#### [YOUR GOAL]
Which lines in the records below contain the word "distance"? Copy each one out.

[Source records]
════

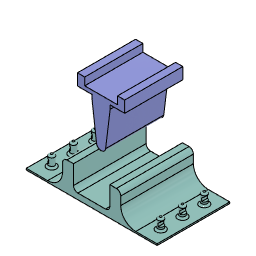
3D Printer Bend Test Jig_ (Autodesk Fusion 360 design; units mm, degrees)
Autodesk Fusion 360 part; units mm, degrees
sketch "Sketch1" plane through (0, 0, 0) normal (0, 1, 0) x (1, 0, 0)
  line L0 (-95, 75) -> (135, 75)
  line L1 (135, 75) -> (135, -115)
  line L2 (135, -115) -> (-95, -115)
  line L3 (-95, -115) -> (-95, 75)
  line L4 (0.9671, -13.4706) -> (33.9671, -13.4706)
  line L5 (33.9671, -13.4706) -> (33.9671, -19.4706)
  line L6 (33.9671, -19.4706) -> (0.9671, -19.4706)
  line L7 (0.9671, -19.4706) -> (0.9671, -13.4706)
  line L8 (-5, 35) -> (45, 35)
  line L9 (45, 35) -> (45, -65)
  line L10 (45, -65) -> (-5, -65)
  line L11 (-5, -65) -> (-5, 35)
  line L12 (-5, 35) -> (-20, 35)
  line L13 (-20, 35) -> (-20, -65)
  line L14 (-20, -65) -> (-5, -65)
  line L15 (-5, -65) -> (-5, 35)
  line L16 (45, 35) -> (60, 35)
  line L17 (60, 35) -> (60, -65)
  line L18 (60, -65) -> (45, -65)
  line L19 (45, -65) -> (45, 35)
  line L20 (-20, 35) -> (-70, 35)
  line L21 (-70, 35) -> (-70, 15)
  line L22 (-70, 15) -> (-20, 15)
  line L23 (-20, 15) -> (-20, 35)
  line L24 (60, 35) -> (110, 35)
  line L25 (110, 35) -> (110, 15)
  line L26 (110, 15) -> (60, 15)
  line L27 (60, 15) -> (60, 35)
  line L28 (60, -65) -> (110, -65)
  line L29 (110, -65) -> (110, -45)
  line L30 (110, -45) -> (60, -45)
  line L31 (60, -45) -> (60, -65)
  line L32 (-20, -65) -> (-70, -65)
  line L33 (-70, -65) -> (-70, -45)
  line L34 (-70, -45) -> (-20, -45)
  line L35 (-20, -45) -> (-20, -65)
  dimension "d1" = 230
  dimension "d2" = 190
  dimension "d3" = 33
  dimension "d4" = 6
  constraint horizontal L0
  constraint vertical L1
  constraint horizontal L2
  constraint vertical L3
  constraint horizontal L4
  constraint vertical L5
  constraint horizontal L6
  constraint vertical L7
  constraint horizontal L8
  constraint vertical L9
  constraint horizontal L10
  constraint vertical L11
  constraint horizontal L12
  constraint vertical L13
  constraint horizontal L14
  constraint vertical L15
  constraint horizontal L16
  constraint vertical L17
  constraint horizontal L18
  constraint vertical L19
  constraint horizontal L20
  constraint vertical L21
  constraint horizontal L22
  constraint vertical L23
  constraint horizontal L24
  constraint vertical L25
  constraint horizontal L26
  constraint vertical L27
  constraint horizontal L28
  constraint vertical L29
  constraint horizontal L30
  constraint vertical L31
  constraint horizontal L32
  constraint vertical L33
  constraint horizontal L34
  constraint vertical L35
  measures "d1" distance of L0.start L0.end
  measures "d2" distance of L0.start L2.end
  measures "d3" distance of L4.start L4.end
  measures "d4" distance of L4.start L6.end
extrude "Extrude1" add sketch "Sketch1" along normal blind 2 contours L8 L9 L10 L11 L15 L19 | L11 L12 L13 L14 L15 L23 L35 | L9 L16 L17 L18 L19 L27 L31 | L13 L20 L21 L22 L23 | L17 L24 L25 L26 L27 | L13 L32 L33 L34 L35 | L17 L28 L29 L30 L31 makes body 1
extrude "Extrude2" add sketch "Sketch1" along normal blind 8 separate body contours L4 L5 L6 L7 | L8 L9 L10 L11 L15 L19 makes body 2
extrude "Extrude3" add sketch "Sketch1" along normal blind 40 contours L11 L12 L13 L14 L15 L23 L35 | L9 L16 L17 L18 L19 L27 L31 bodies 1 2
fillet "Fillet1" radius 20.547 4 edges at (60, 2, -25) (60, 2, 55) (-20, 2, -25) (-20, 2, 55) on bodies 1
extrude "Extrude4" add 1 faces at (64.0367, 5.3701, -15) along direction (0, 0, 1) blind 64.644 on bodies 1 bodies 1
extrude "Extrude5" add 1 faces at (-24.0367, 5.3701, -15) along direction (0, 0, 1) blind 64.176 on bodies 1 bodies 1
sketch "Sketch2" plane through (0, 2, 0) normal (0, 1, 0) x (-1, 0, 0)
  line L0 (40.547, 65) -> (40.547, -35)
  line L1 (40.547, -35) -> (70, -35)
  line L2 (70, -35) -> (70, 65)
  line L3 (70, 65) -> (40.547, 65)
  circle A0 centre (55, -15) radius 4
  circle A1 centre (-95, -15) radius 4
  circle A2 centre (-95, 45) radius 4
  circle A3 centre (-95, 15) radius 4
  circle A4 centre (55, 15) radius 4
  circle A5 centre (55, 45) radius 4
  dimension "d17" = 8
  measures "d17" diameter of A0
extrude "Extrude6" add sketch "Sketch2" along normal blind 20 contours A0 | A1 | A2 | A3 | A4 | A5 bodies 1
sketch "Sketch3" plane through (0, 0, 65) normal (0, 0, 1) x (1, 0, 0)
  line L0 (-70, 0) -> (110, 0)
  line L1 (110, 0) -> (110, 2)
  line L2 (110, 2) -> (80.547, 2)
  arc A0 (60, 22.547) -> (80.547, 2) centre (80.547, 22.547) ccw
  line L3 (60, 22.547) -> (60, 40)
  line L4 (60, 40) -> (45, 40)
  line L5 (45, 40) -> (45, 8)
  line L6 (45, 8) -> (-5, 8)
  line L7 (-5, 8) -> (-5, 40)
  line L8 (-5, 40) -> (-20, 40)
  line L9 (-20, 40) -> (-20, 22.547)
  arc A1 (-40.547, 2) -> (-20, 22.547) centre (-40.547, 22.547) ccw
  line L10 (-40.547, 2) -> (-70, 2)
  line L11 (-70, 2) -> (-70, 0)
  line L12 (-60, 15) -> (-55.2735, 11.231)
  line L13 (-55.2735, 11.231) -> (-55.2735, 7)
  line L14 (-55.2735, 7) -> (-60, 7)
  line L15 (-60, 7) -> (-60, 15)
  line L16 (20, 8) -> (20, 20)
  line L17 (100, 15) -> (95.2735, 11.231)
  line L18 (100, 7) -> (100, 15)
  line L19 (95.2735, 7) -> (100, 7)
  line L20 (95.2735, 11.231) -> (95.2735, 7)
  constraint perpendicular L10 L13
  constraint perpendicular L13 L14
  constraint perpendicular L14 L15
  constraint midpoint L6 L16.start
  constraint perpendicular L6 L16
  constraint symmetric L12.start L16 L17.start
  constraint symmetric L12.end L16 L17.end
  constraint symmetric L13.end L16 L19.start
  constraint symmetric L14.end L16 L18.start
extrude "Extrude7" cut sketch "Sketch3" against normal blind 96.487 contours L12 L13 L14 L15 | L17 L18 L19 L20 bodies 1
extrude "Extrude8" cut 6 faces at (-53.7702, 22, -15.1987) (-55.9046, 22, 15.7214) (-54.5129, 22, 46.0682) (96.5708, 22, -15.9069) (94.8937, 22, 13.7588) (95.2967, 22, 43.8176) along direction (0, -1, 0) blind 5 on bodies 1 bodies 1
fillet "Fillet2" radius 2.487 12 edges at (-51.2707, 17, -13.5535) (-51.2707, 17, 16.4465) (-51.2707, 17, 46.4465) (98.7293, 17, -13.5535) (98.7293, 17, 16.4465) (98.7293, 17, 46.4465) (98.7293, 2, 46.4465) (98.7293, 2, 16.4465) (98.7293, 2, -13.5535) (-51.2707, 2, 46.4465) (-51.2707, 2, 16.4465) (-51.2707, 2, -13.5535) on bodies 1
fillet "Fillet3" radius 6.035 4 edges at (-20, 40, 15) (60, 40, 15) (45, 8, 15) (-5, 8, 15) on bodies 1
sketch "Sketch4" plane through (0, 0, 0) normal (0, 1, 0) x (1, 0, 0)
  line L0 (45, 205) -> (45, 184)
  line L1 (45, 184) -> (-30, 184)
  line L2 (-30, 184) -> (-30, 205)
  line L3 (30.0901, 205) -> (30.0901, 194.5)
  line L4 (30.0901, 194.5) -> (-15, 194.5)
  line L5 (-15, 194.5) -> (-15, 205)
  line L6 (7.5, 184) -> (-5, 184)
  line L7 (1.25, 134) -> (7.5, 134)
  line L8 (7.5, 134) -> (7.5, 184)
  line L9 (7.5, 134) -> (13.75, 134)
  line L10 (20, 184) -> (7.5, 184)
  line L11 (1.25, 134) -> (-5, 184)
  line L12 (13.75, 134) -> (20, 184)
  arc A0 (1.25, 134) -> (13.75, 134) centre (7.5, 134.7813) ccw
  line L13 (-30, 205) -> (-15, 205)
  line L14 (30.0901, 205) -> (45, 205)
  dimension "d28" = 75
  constraint horizontal L13
  constraint vertical L0
  constraint horizontal L1
  constraint vertical L2
  constraint vertical L3
  constraint horizontal L4
  constraint vertical L5
  constraint horizontal L6
  constraint horizontal L7
  constraint vertical L8
  constraint midpoint L1 L6.start
  constraint horizontal L9
  constraint horizontal L10
  constraint coincident L1 L10.start
  constraint tangent L12 A0
  constraint collinear L13 L14
  measures "d28" distance of L2.end L0.start
extrude "Extrude9" add sketch "Sketch4" along normal blind 80 separate body makes body 3
extrude "Extrude10" cut 1 faces at (45, 26.6667, -198) along direction (-1, 0, 0) blind 5 on bodies 3 bodies 3
extrude "Extrude11" cut 1 faces at (-30, 26.6667, -191) along direction (1, 0, 0) blind 5 on bodies 3 bodies 3
extrude "Extrude12" cut 2 faces at (-11.6667, 26.6667, -184) (33.3333, 53.3333, -184) along direction (0, 0, -1) blind 5.207 on bodies 3 bodies 3
move_body "Move1" bodies 3 to x (1, 0, 0) y (0, 1, 0) z (0, 0, 1) at (14.4975, 49.5966, 90.2277)
move_body "Move2" bodies 3 to x (1, 0, 0) y (0, 0, 1) z (0, -1, 0) at (0, 25.3244, -75.5412)

════

#### [RESULT OF THIS EXERCISE]
  measures "d1" distance of L0.start L0.end
  measures "d2" distance of L0.start L2.end
  measures "d3" distance of L4.start L4.end
  measures "d4" distance of L4.start L6.end
  measures "d28" distance of L2.end L0.start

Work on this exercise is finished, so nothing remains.